**SUPPLIED INFORMATION**

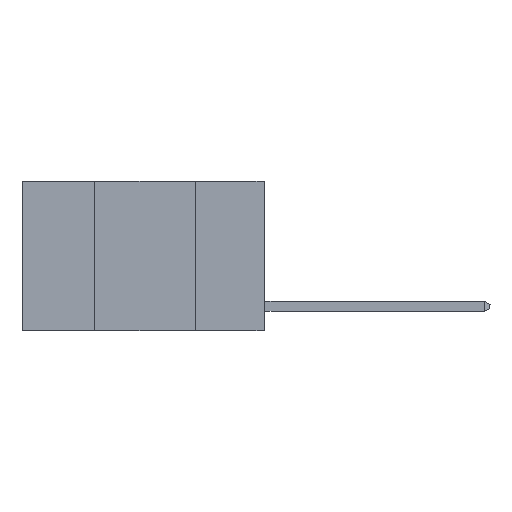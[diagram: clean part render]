
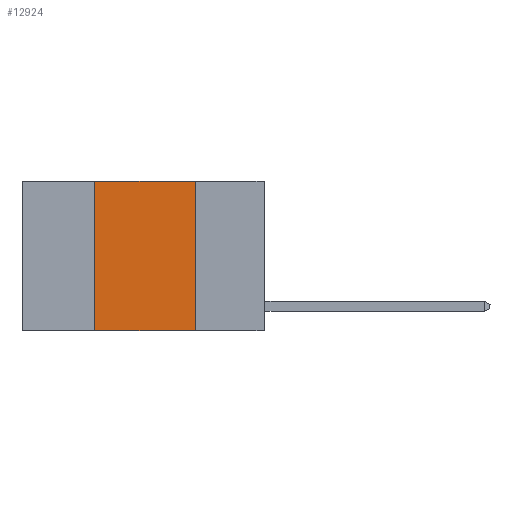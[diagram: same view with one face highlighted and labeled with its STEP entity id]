
A CAD part, left-side view. The second image highlights one B-rep face of the part: STEP entity #12924.
In plain terms, the highlighted planar face has unit normal (-1, 0, 0).
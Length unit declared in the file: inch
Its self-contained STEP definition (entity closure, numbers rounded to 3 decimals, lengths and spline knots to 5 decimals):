
#142 = DIRECTION ( 'NONE',  ( 0., 0., 1. ) ) ;
#1042 = VECTOR ( 'NONE', #6715, 39.37008 ) ;
#1692 = ORIENTED_EDGE ( 'NONE', *, *, #3522, .F. ) ;
#1831 = VERTEX_POINT ( 'NONE', #4433 ) ;
#3122 = CARTESIAN_POINT ( 'NONE',  ( 0., 0.17, 0. ) ) ;
#3522 = EDGE_CURVE ( 'NONE', #16589, #1831, #11774, .T. ) ;
#3623 = VECTOR ( 'NONE', #9818, 39.37008 ) ;
#3652 = EDGE_CURVE ( 'NONE', #11465, #4605, #9726, .T. ) ;
#3848 = LINE ( 'NONE', #9661, #1042 ) ;
#4377 = ORIENTED_EDGE ( 'NONE', *, *, #3652, .F. ) ;
#4433 = CARTESIAN_POINT ( 'NONE',  ( 0., 0.42, 0. ) ) ;
#4605 = VERTEX_POINT ( 'NONE', #18379 ) ;
#4631 = CARTESIAN_POINT ( 'NONE',  ( 0., 0.42, 0. ) ) ;
#4836 = VECTOR ( 'NONE', #142, 39.37008 ) ;
#5249 = CARTESIAN_POINT ( 'NONE',  ( 0., 0.17, 0. ) ) ;
#5434 = DIRECTION ( 'NONE',  ( 0., 0., -1. ) ) ;
#5454 = ORIENTED_EDGE ( 'NONE', *, *, #17276, .T. ) ;
#6171 = EDGE_CURVE ( 'NONE', #1831, #11465, #3848, .T. ) ;
#6715 = DIRECTION ( 'NONE',  ( 0., -1., 0. ) ) ;
#6864 = FACE_OUTER_BOUND ( 'NONE', #14542, .T. ) ;
#9661 = CARTESIAN_POINT ( 'NONE',  ( 0., 0.6, 0. ) ) ;
#9726 = LINE ( 'NONE', #5249, #3623 ) ;
#9808 = DIRECTION ( 'NONE',  ( 1., 0., 0. ) ) ;
#9818 = DIRECTION ( 'NONE',  ( 0., 0., -1. ) ) ;
#11465 = VERTEX_POINT ( 'NONE', #3122 ) ;
#11479 = CARTESIAN_POINT ( 'NONE',  ( 0., 0.6, -0.37 ) ) ;
#11774 = LINE ( 'NONE', #4631, #4836 ) ;
#12680 = PLANE ( 'NONE',  #17091 ) ;
#12924 = ADVANCED_FACE ( 'NONE', ( #6864 ), #12680, .F. ) ;
#14008 = ORIENTED_EDGE ( 'NONE', *, *, #6171, .F. ) ;
#14542 = EDGE_LOOP ( 'NONE', ( #4377, #14008, #1692, #5454 ) ) ;
#16049 = CARTESIAN_POINT ( 'NONE',  ( 0., 0.42, -0.37 ) ) ;
#16589 = VERTEX_POINT ( 'NONE', #16049 ) ;
#17091 = AXIS2_PLACEMENT_3D ( 'NONE', #18510, #9808, #5434 ) ;
#17276 = EDGE_CURVE ( 'NONE', #16589, #4605, #18557, .T. ) ;
#17326 = DIRECTION ( 'NONE',  ( 0., -1., 0. ) ) ;
#17474 = VECTOR ( 'NONE', #17326, 39.37008 ) ;
#18379 = CARTESIAN_POINT ( 'NONE',  ( 0., 0.17, -0.37 ) ) ;
#18510 = CARTESIAN_POINT ( 'NONE',  ( 0., 0.6, 0. ) ) ;
#18557 = LINE ( 'NONE', #11479, #17474 ) ;

**ABOUT THIS EXERCISE**
Please transcribe each line above exactly, but leave the images out.

**RESPONSE BOX**
[diagram: clean part render]
[diagram: same view with one face highlighted and labeled with its STEP entity id]
A CAD part, left-side view. The second image highlights one B-rep face of the part: STEP entity #12924.
In plain terms, the highlighted planar face has unit normal (-1, 0, 0).
Length unit declared in the file: inch
Its self-contained STEP definition (entity closure, numbers rounded to 3 decimals, lengths and spline knots to 5 decimals):
#142 = DIRECTION ( 'NONE',  ( 0., 0., 1. ) ) ;
#1042 = VECTOR ( 'NONE', #6715, 39.37008 ) ;
#1692 = ORIENTED_EDGE ( 'NONE', *, *, #3522, .F. ) ;
#1831 = VERTEX_POINT ( 'NONE', #4433 ) ;
#3122 = CARTESIAN_POINT ( 'NONE',  ( 0., 0.17, 0. ) ) ;
#3522 = EDGE_CURVE ( 'NONE', #16589, #1831, #11774, .T. ) ;
#3623 = VECTOR ( 'NONE', #9818, 39.37008 ) ;
#3652 = EDGE_CURVE ( 'NONE', #11465, #4605, #9726, .T. ) ;
#3848 = LINE ( 'NONE', #9661, #1042 ) ;
#4377 = ORIENTED_EDGE ( 'NONE', *, *, #3652, .F. ) ;
#4433 = CARTESIAN_POINT ( 'NONE',  ( 0., 0.42, 0. ) ) ;
#4605 = VERTEX_POINT ( 'NONE', #18379 ) ;
#4631 = CARTESIAN_POINT ( 'NONE',  ( 0., 0.42, 0. ) ) ;
#4836 = VECTOR ( 'NONE', #142, 39.37008 ) ;
#5249 = CARTESIAN_POINT ( 'NONE',  ( 0., 0.17, 0. ) ) ;
#5434 = DIRECTION ( 'NONE',  ( 0., 0., -1. ) ) ;
#5454 = ORIENTED_EDGE ( 'NONE', *, *, #17276, .T. ) ;
#6171 = EDGE_CURVE ( 'NONE', #1831, #11465, #3848, .T. ) ;
#6715 = DIRECTION ( 'NONE',  ( 0., -1., 0. ) ) ;
#6864 = FACE_OUTER_BOUND ( 'NONE', #14542, .T. ) ;
#9661 = CARTESIAN_POINT ( 'NONE',  ( 0., 0.6, 0. ) ) ;
#9726 = LINE ( 'NONE', #5249, #3623 ) ;
#9808 = DIRECTION ( 'NONE',  ( 1., 0., 0. ) ) ;
#9818 = DIRECTION ( 'NONE',  ( 0., 0., -1. ) ) ;
#11465 = VERTEX_POINT ( 'NONE', #3122 ) ;
#11479 = CARTESIAN_POINT ( 'NONE',  ( 0., 0.6, -0.37 ) ) ;
#11774 = LINE ( 'NONE', #4631, #4836 ) ;
#12680 = PLANE ( 'NONE',  #17091 ) ;
#12924 = ADVANCED_FACE ( 'NONE', ( #6864 ), #12680, .F. ) ;
#14008 = ORIENTED_EDGE ( 'NONE', *, *, #6171, .F. ) ;
#14542 = EDGE_LOOP ( 'NONE', ( #4377, #14008, #1692, #5454 ) ) ;
#16049 = CARTESIAN_POINT ( 'NONE',  ( 0., 0.42, -0.37 ) ) ;
#16589 = VERTEX_POINT ( 'NONE', #16049 ) ;
#17091 = AXIS2_PLACEMENT_3D ( 'NONE', #18510, #9808, #5434 ) ;
#17276 = EDGE_CURVE ( 'NONE', #16589, #4605, #18557, .T. ) ;
#17326 = DIRECTION ( 'NONE',  ( 0., -1., 0. ) ) ;
#17474 = VECTOR ( 'NONE', #17326, 39.37008 ) ;
#18379 = CARTESIAN_POINT ( 'NONE',  ( 0., 0.17, -0.37 ) ) ;
#18510 = CARTESIAN_POINT ( 'NONE',  ( 0., 0.6, 0. ) ) ;
#18557 = LINE ( 'NONE', #11479, #17474 ) ;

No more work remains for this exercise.